Nested Conditions in My Game

What Are Nested Conditions?

Nested conditions are conditionals placed inside other conditionals.

This means one condition is checked first, and then another condition is checked inside it.

Example structure:

if (condition1) {

  if (condition2) {

  }

}

Nested conditions allow more advanced decision-making.


Why Nested Conditions Are Important

Games often require multiple checks before an action happens.

For example:

  • checking if a player collides with an enemy
  • checking if damage cooldown is active
  • checking if score should update

Nested conditions help organize these layered checks clearly.

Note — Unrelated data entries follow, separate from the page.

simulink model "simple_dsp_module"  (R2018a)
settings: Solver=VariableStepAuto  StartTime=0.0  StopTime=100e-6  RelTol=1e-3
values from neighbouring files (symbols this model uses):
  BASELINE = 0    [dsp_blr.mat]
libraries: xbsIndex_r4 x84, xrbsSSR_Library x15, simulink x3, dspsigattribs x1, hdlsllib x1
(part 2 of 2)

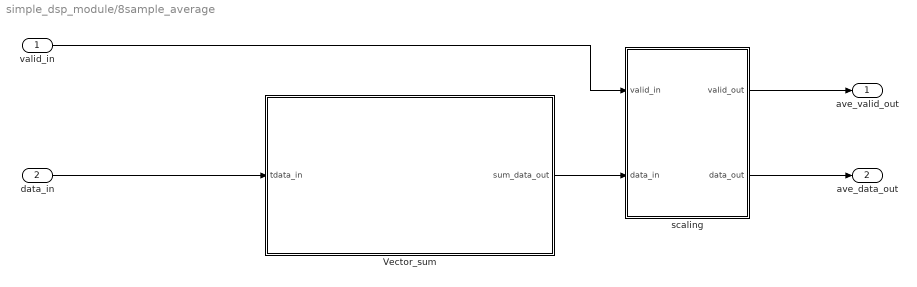
== system simple_dsp_module/8sample_average  ==
  valid_in : Inport
  data_in : Inport  Port=2
  Vector_sum : Subsystem
  scaling : Subsystem
  ave_valid_out : Outport
  ave_data_out : Outport  Port=2
  wires:
  valid_in/1 -> scaling/1(valid_in)
  Vector_sum/1(sum_data_out) -> scaling/2(data_in)
  scaling/2(data_out) -> ave_data_out/1
  data_in/1 -> Vector_sum/1(tdata_in)
  scaling/1(valid_out) -> ave_valid_out/1

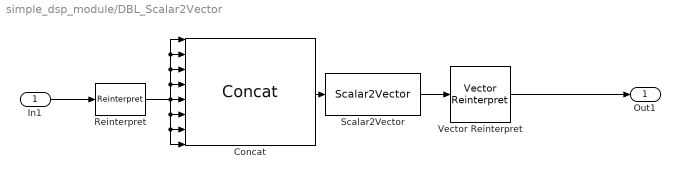
== system simple_dsp_module/DBL_Scalar2Vector ==
  In1 : Inport
  Concat : xbsIndex_r4/Concat  num_inputs=8  dbl_ovrd=off  block_type=concat
  Reinterpret : xbsIndex_r4/Reinterpret  force_arith_type=on  arith_type=Unsigned  force_bin_pt=on  bin_pt=0  block_type=reinterpret
  Scalar2Vector : xrbsSSR_Library/Scalar2Vector  Width=16  sg_ssr=8  sg_ssr_prev=8  sg_ssr_name=vect_Scalar2Vector  block_type=scalar2vector_ssr
      settings: SourceProductName=Xilinx SSR Blockset
  Vector Reinterpret : xrbsSSR_Library/Vector Reinterpret  sg_ssr=8  sg_ssr_prev=8  force_arith_type=on  arith_type="Signed  (2's comp)"  force_bin_pt=on  bin_pt=4  block_type=reinterpret_ssr
      settings: SourceProductName=Xilinx SSR Blockset  infoedit="The Vector Reinterpret block Changes vector input signal type without altering the binary representation. You can change the signal between signed and unsigned, and relocate the binary point.<br><br>Hardware notes: In hardware this block costs nothing.<br><br>Example:  Suppose the input is 6 bits wide, signed, with 2 fractional bits, and the output is forced to unsigned with 0 fractional bits.  Then an input of -2.0 (1110.00 in binary 2's complement) becomes an output of 56 (111000 in binary)."
  Out1 : Outport
  wires:
  In1/1 -> Reinterpret/1
  Vector Reinterpret/1 -> Out1/1
  Reinterpret/1 -> Concat/1, Concat/2, Concat/3, Concat/4, Concat/8, Concat/7, Concat/6, Concat/5
  Concat/1 -> Scalar2Vector/1
  Scalar2Vector/1 -> Vector Reinterpret/1

== system simple_dsp_module/DSP_Vector2Scalar ==
  In1 : Inport
  Vector2Scalar : xrbsSSR_Library/Vector2Scalar  sg_ssr=8  sg_ssr_prev=8  sg_ssr_name=vect_Vector2Scalar  block_type=vector2scalar_ssr
      settings: SourceProductName=Xilinx SSR Blockset
  Vector_reinterpret2unsigned : xrbsSSR_Library/Vector Reinterpret  sg_ssr=8  sg_ssr_prev=8  force_arith_type=on  arith_type=Unsigned  force_bin_pt=on  bin_pt=0  block_type=reinterpret_ssr
      settings: SourceProductName=Xilinx SSR Blockset  infoedit="The Vector Reinterpret block Changes vector input signal type without altering the binary representation. You can change the signal between signed and unsigned, and relocate the binary point.<br><br>Hardware notes: In hardware this block costs nothing.<br><br>Example:  Suppose the input is 6 bits wide, signed, with 2 fractional bits, and the output is forced to unsigned with 0 fractional bits.  Then an input of -2.0 (1110.00 in binary 2's complement) becomes an output of 56 (111000 in binary)."
  Out1 : Outport
  wires:
  Vector_reinterpret2unsigned/1 -> Vector2Scalar/1
  In1/1 -> Vector_reinterpret2unsigned/1
  Vector2Scalar/1 -> Out1/1

== system simple_dsp_module/HGAIN_Vector2Scalar ==
  In1 : Inport
  Vector2Scalar : xrbsSSR_Library/Vector2Scalar  sg_ssr=8  sg_ssr_prev=8  sg_ssr_name=vect_Vector2Scalar  block_type=vector2scalar_ssr
      settings: SourceProductName=Xilinx SSR Blockset
  Vector_reinterpret2unsigned : xrbsSSR_Library/Vector Reinterpret  sg_ssr=8  sg_ssr_prev=8  force_arith_type=on  arith_type=Unsigned  force_bin_pt=on  bin_pt=0  block_type=reinterpret_ssr
      settings: SourceProductName=Xilinx SSR Blockset  infoedit="The Vector Reinterpret block Changes vector input signal type without altering the binary representation. You can change the signal between signed and unsigned, and relocate the binary point.<br><br>Hardware notes: In hardware this block costs nothing.<br><br>Example:  Suppose the input is 6 bits wide, signed, with 2 fractional bits, and the output is forced to unsigned with 0 fractional bits.  Then an input of -2.0 (1110.00 in binary 2's complement) becomes an output of 56 (111000 in binary)."
  Out1 : Outport
  wires:
  Vector_reinterpret2unsigned/1 -> Vector2Scalar/1
  In1/1 -> Vector_reinterpret2unsigned/1
  Vector2Scalar/1 -> Out1/1

== system simple_dsp_module/Vector2Bus ==
  In1 : Inport
  Bit Concat : hdlsllib/Logic and Bit Operations/Bit Concat  numInputs=8
      settings: SourceProductName=HDL Coder  SourceProductBaseCode=HD
  Demux : Demux  Outputs=8
  Out1 : Outport
  wires:
  Demux/1 -> Bit Concat/8
  Demux/8 -> Bit Concat/1
  Demux/3 -> Bit Concat/6
  Bit Concat/1 -> Out1/1
  Demux/7 -> Bit Concat/2
  Demux/4 -> Bit Concat/5
  Demux/2 -> Bit Concat/7
  Demux/6 -> Bit Concat/3
  Demux/5 -> Bit Concat/4
  In1/1 -> Demux/1

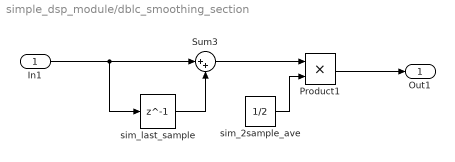
== system simple_dsp_module/dblc_smoothing_section ==
  In1 : Inport
  Product1 : Product
  Sum3 : Sum  Inputs=|++
  sim_2sample_ave : Constant  Value=1/2  VectorParams1D=off  OutDataTypeStr=Inherit: Inherit via back propagation  SampleTime=1/125e6
  sim_last_sample : Delay  DelayLength=1  InitialCondition=0
  Out1 : Outport
  wires:
  In1/1 -> sim_last_sample/1, Sum3/1
  sim_2sample_ave/1 -> Product1/2
  sim_last_sample/1 -> Sum3/2
  Sum3/1 -> Product1/1
  Product1/1 -> Out1/1

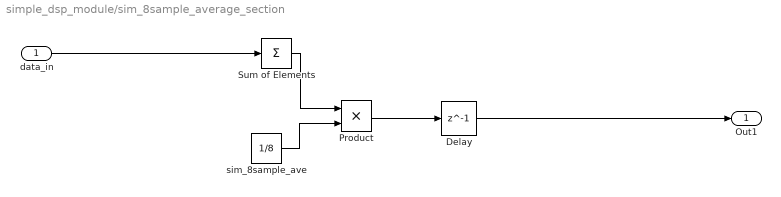
== system simple_dsp_module/sim_8sample_average_section ==
  data_in : Inport
  Delay : Delay  DelayLength=1  InitialCondition=0
  Product : Product
  Sum of Elements : Sum  Inputs=+
  sim_8sample_ave : Constant  Value=1/8  VectorParams1D=off  OutDataTypeStr=Inherit: Inherit via back propagation  SampleTime=1/125e6
  Out1 : Outport
  wires:
  data_in/1 -> Sum of Elements/1
  Sum of Elements/1 -> Product/1
  sim_8sample_ave/1 -> Product/2
  Product/1 -> Delay/1
  Delay/1 -> Out1/1

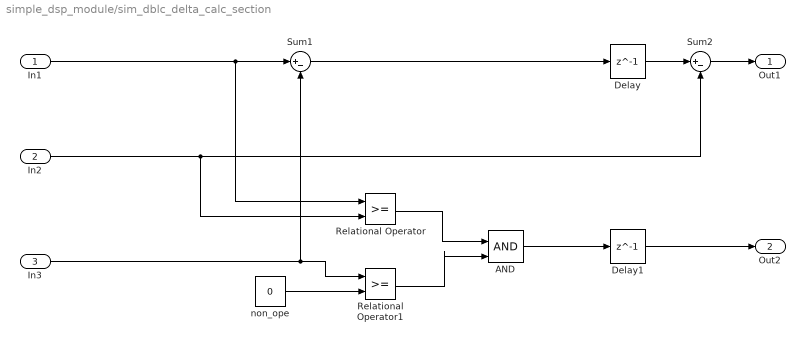
== system simple_dsp_module/sim_dblc_delta_calc_section ==
  In1 : Inport
  In2 : Inport  Port=2
  In3 : Inport  Port=3
  AND : Logic  IconShape=distinctive  AllPortsSameDT=off  OutDataTypeStr=boolean
  Delay : Delay  DelayLength=1  InitialCondition=0  InputProcessing=Columns as channels (frame based)
  Delay1 : Delay  DelayLength=1  InitialCondition=0  InputProcessing=Columns as channels (frame based)
  Relational Operator : RelationalOperator  OutDataTypeStr=boolean  RndMeth=Simplest
  Relational Operator1 : RelationalOperator  OutDataTypeStr=boolean  RndMeth=Simplest
  Sum1 : Sum  Inputs=|+-
  Sum2 : Sum  Inputs=|+-
  non_ope : Constant  Value=0  VectorParams1D=off  OutDataTypeStr=Inherit: Inherit via back propagation  SampleTime=1/125e6
  Out1 : Outport
  Out2 : Outport  Port=2
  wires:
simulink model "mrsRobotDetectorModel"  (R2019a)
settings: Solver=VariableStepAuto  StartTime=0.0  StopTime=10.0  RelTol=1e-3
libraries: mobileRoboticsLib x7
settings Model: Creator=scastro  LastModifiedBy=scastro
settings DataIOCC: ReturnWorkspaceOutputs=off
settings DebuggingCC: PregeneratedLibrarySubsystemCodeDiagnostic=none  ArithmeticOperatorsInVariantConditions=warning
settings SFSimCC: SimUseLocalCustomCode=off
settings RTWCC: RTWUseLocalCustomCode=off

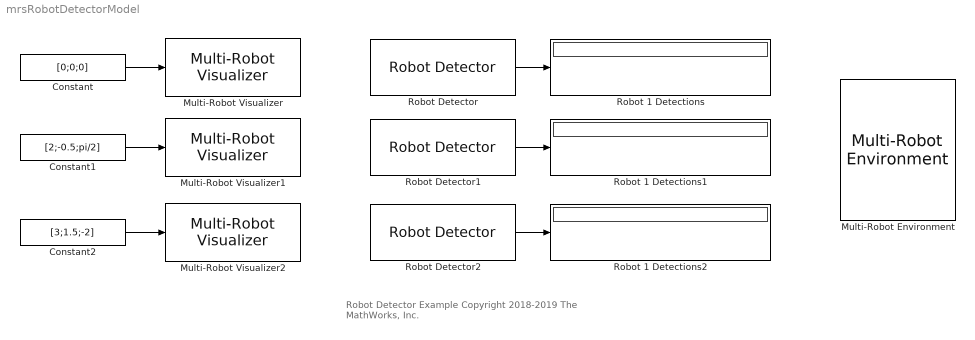
== system mrsRobotDetectorModel ==
  note: Robot Detector Example
      |
      | Copyright 2018-2019 The MathWorks, Inc.
  Constant : Constant  Value=[0;0;0]
  Constant1 : Constant  Value=[2;-0.5;pi/2]
  Constant2 : Constant  Value=[3;1.5;-2]
  Multi-Robot Environment : mobileRoboticsLib/Environments/Multi-Robot Environment  numRobots=3  showWaypoints=off  showObjects=off  objectColors=[ 1, 0, 0; 0, 1, 0; 0, 0, 1 ]  objectMarkers='s'  showRobotIds=on  plotSensorLines=on
      settings: SourceProductName=Mobile Robotics Simulation Toolbox
  Multi-Robot Visualizer : mobileRoboticsLib/Environments/Multi-Robot Visualizer  idx=1  radius=0  robotColor=[0 0 1]  showTraj=off  hasLidar=off  sensorOffset=[ 0, 0 ]  scanAngles=[ -pi/4, 0, pi/4 ]  maxNumScans=0  hasObjDetector=off  objDetectorOffset=[ 0, 0 ]  objDetectorAngle=0  objDetectorFOV=pi/3  objDetectorMaxRange=5  hasRobotDetector=on  robotDetectorOffset=[0,0]  robotDetectorAngle=0  robotDetectorFOV=pi/3  robotDetectorMaxRange=5  robotDetectorNumDetections=0
      settings: SourceProductName=Mobile Robotics Simulation Toolbox
  Multi-Robot Visualizer1 : mobileRoboticsLib/Environments/Multi-Robot Visualizer  idx=2  radius=0  robotColor=[0 0 1]  showTraj=off  hasLidar=off  sensorOffset=[ 0, 0 ]  scanAngles=[ -pi/4, 0, pi/4 ]  maxNumScans=0  hasObjDetector=off  objDetectorOffset=[ 0, 0 ]  objDetectorAngle=0  objDetectorFOV=pi/3  objDetectorMaxRange=5  hasRobotDetector=on  robotDetectorOffset=[0,0]  robotDetectorAngle=0  robotDetectorFOV=pi/3  robotDetectorMaxRange=5  robotDetectorNumDetections=0
      settings: SourceProductName=Mobile Robotics Simulation Toolbox
  Multi-Robot Visualizer2 : mobileRoboticsLib/Environments/Multi-Robot Visualizer  idx=3  radius=0  robotColor=[0 0 1]  showTraj=off  hasLidar=off  sensorOffset=[ 0, 0 ]  scanAngles=[ -pi/4, 0, pi/4 ]  maxNumScans=0  hasObjDetector=off  objDetectorOffset=[ 0, 0 ]  objDetectorAngle=0  objDetectorFOV=pi/3  objDetectorMaxRange=5  hasRobotDetector=on  robotDetectorOffset=[0,0]  robotDetectorAngle=0  robotDetectorFOV=pi/3  robotDetectorMaxRange=5  robotDetectorNumDetections=0
      settings: SourceProductName=Mobile Robotics Simulation Toolbox
  Robot 1 Detections : Display
  Robot 1 Detections1 : Display
  Robot 1 Detections2 : Display
  Robot Detector : mobileRoboticsLib/Environments/Robot Detector  robotIdx=1  sensorOffset=[ 0, 0 ]  sensorAngle=0  sensorFOV=pi/3  maxRange=5  maxDetections=3  sampleTime=0.1
      settings: SourceProductName=Mobile Robotics Simulation Toolbox
  Robot Detector1 : mobileRoboticsLib/Environments/Robot Detector  robotIdx=2  sensorOffset=[ 0, 0 ]  sensorAngle=0  sensorFOV=pi/3  maxRange=5  maxDetections=3  sampleTime=0.1
      settings: SourceProductName=Mobile Robotics Simulation Toolbox
  Robot Detector2 : mobileRoboticsLib/Environments/Robot Detector  robotIdx=3  sensorOffset=[ 0, 0 ]  sensorAngle=0  sensorFOV=pi/3  maxRange=5  maxDetections=3  sampleTime=0.1
      settings: SourceProductName=Mobile Robotics Simulation Toolbox
  wires:
  Robot Detector/1 -> Robot 1 Detections/1
  Constant/1 -> Multi-Robot Visualizer/1
  Constant1/1 -> Multi-Robot Visualizer1/1
  Constant2/1 -> Multi-Robot Visualizer2/1
  Robot Detector1/1 -> Robot 1 Detections1/1
  Robot Detector2/1 -> Robot 1 Detections2/1

Example 1: Collision + Cooldown Check

My game uses nested conditions for collision detection.

if (dist < 40) {

  if (!this.gameEnv.elonHitCooldown) {

    this.gameEnv.gameScorer.deductPoints(10);

  }

}

Explanation

The first condition checks:

  • if the player is close enough to the enemy

The nested condition checks:

  • if cooldown is inactive

Only then does the game:

  • deduct points
  • apply collision effects

Example 2: Preventing Repeated Damage

Nested conditions help stop repeated collisions.

if (!this.gameEnv.elonHitCooldown) {

  this.gameEnv.elonHitCooldown = true;

  setTimeout(() => {
    this.gameEnv.elonHitCooldown = false;
  }, 1000);

}

Explanation

This logic:

  1. checks if cooldown is inactive
  2. activates cooldown
  3. waits 1 second
  4. disables cooldown again

Nested logic helps control timing systems.


Example 3: Enemy AI Decisions

Enemies use nested conditions to manage behavior.

if (players.length === 0) return;

for (const player of players) {

  if (dist < minDist) {

    nearest = player;

  }

}

Explanation

This checks:

  • whether players exist
  • whether a player is closer than the previous target

Nested conditions allow enemies to make smart decisions.


Example 4: Score Protection Logic

Nested conditions protect game values.

if (this.score < 0) {

  if (this.score !== 0) {

    this.score = 0;

  }

}

Explanation

This ensures:

  • negative scores are detected
  • score resets safely
  • unnecessary updates are avoided

Example 5: Goldfish Collection Logic

Nested conditions are used during object interaction.

if (fish) {

  if (gameEnv.gameScorer) {

    gameEnv.gameScorer.collectCoin(10);

  }

}

Explanation

This checks:

  • if the fish object exists
  • if the scoring system exists
  • then safely adds points

Nested conditions improve reliability and prevent errors.


Why Nested Conditions Help My Game

Nested conditions improved my game by:

  • allowing advanced decision-making
  • organizing layered game logic
  • improving collision systems
  • controlling enemy AI behavior
  • preventing invalid actions and errors

Without nested conditions, many game systems would be less reliable and harder to manage.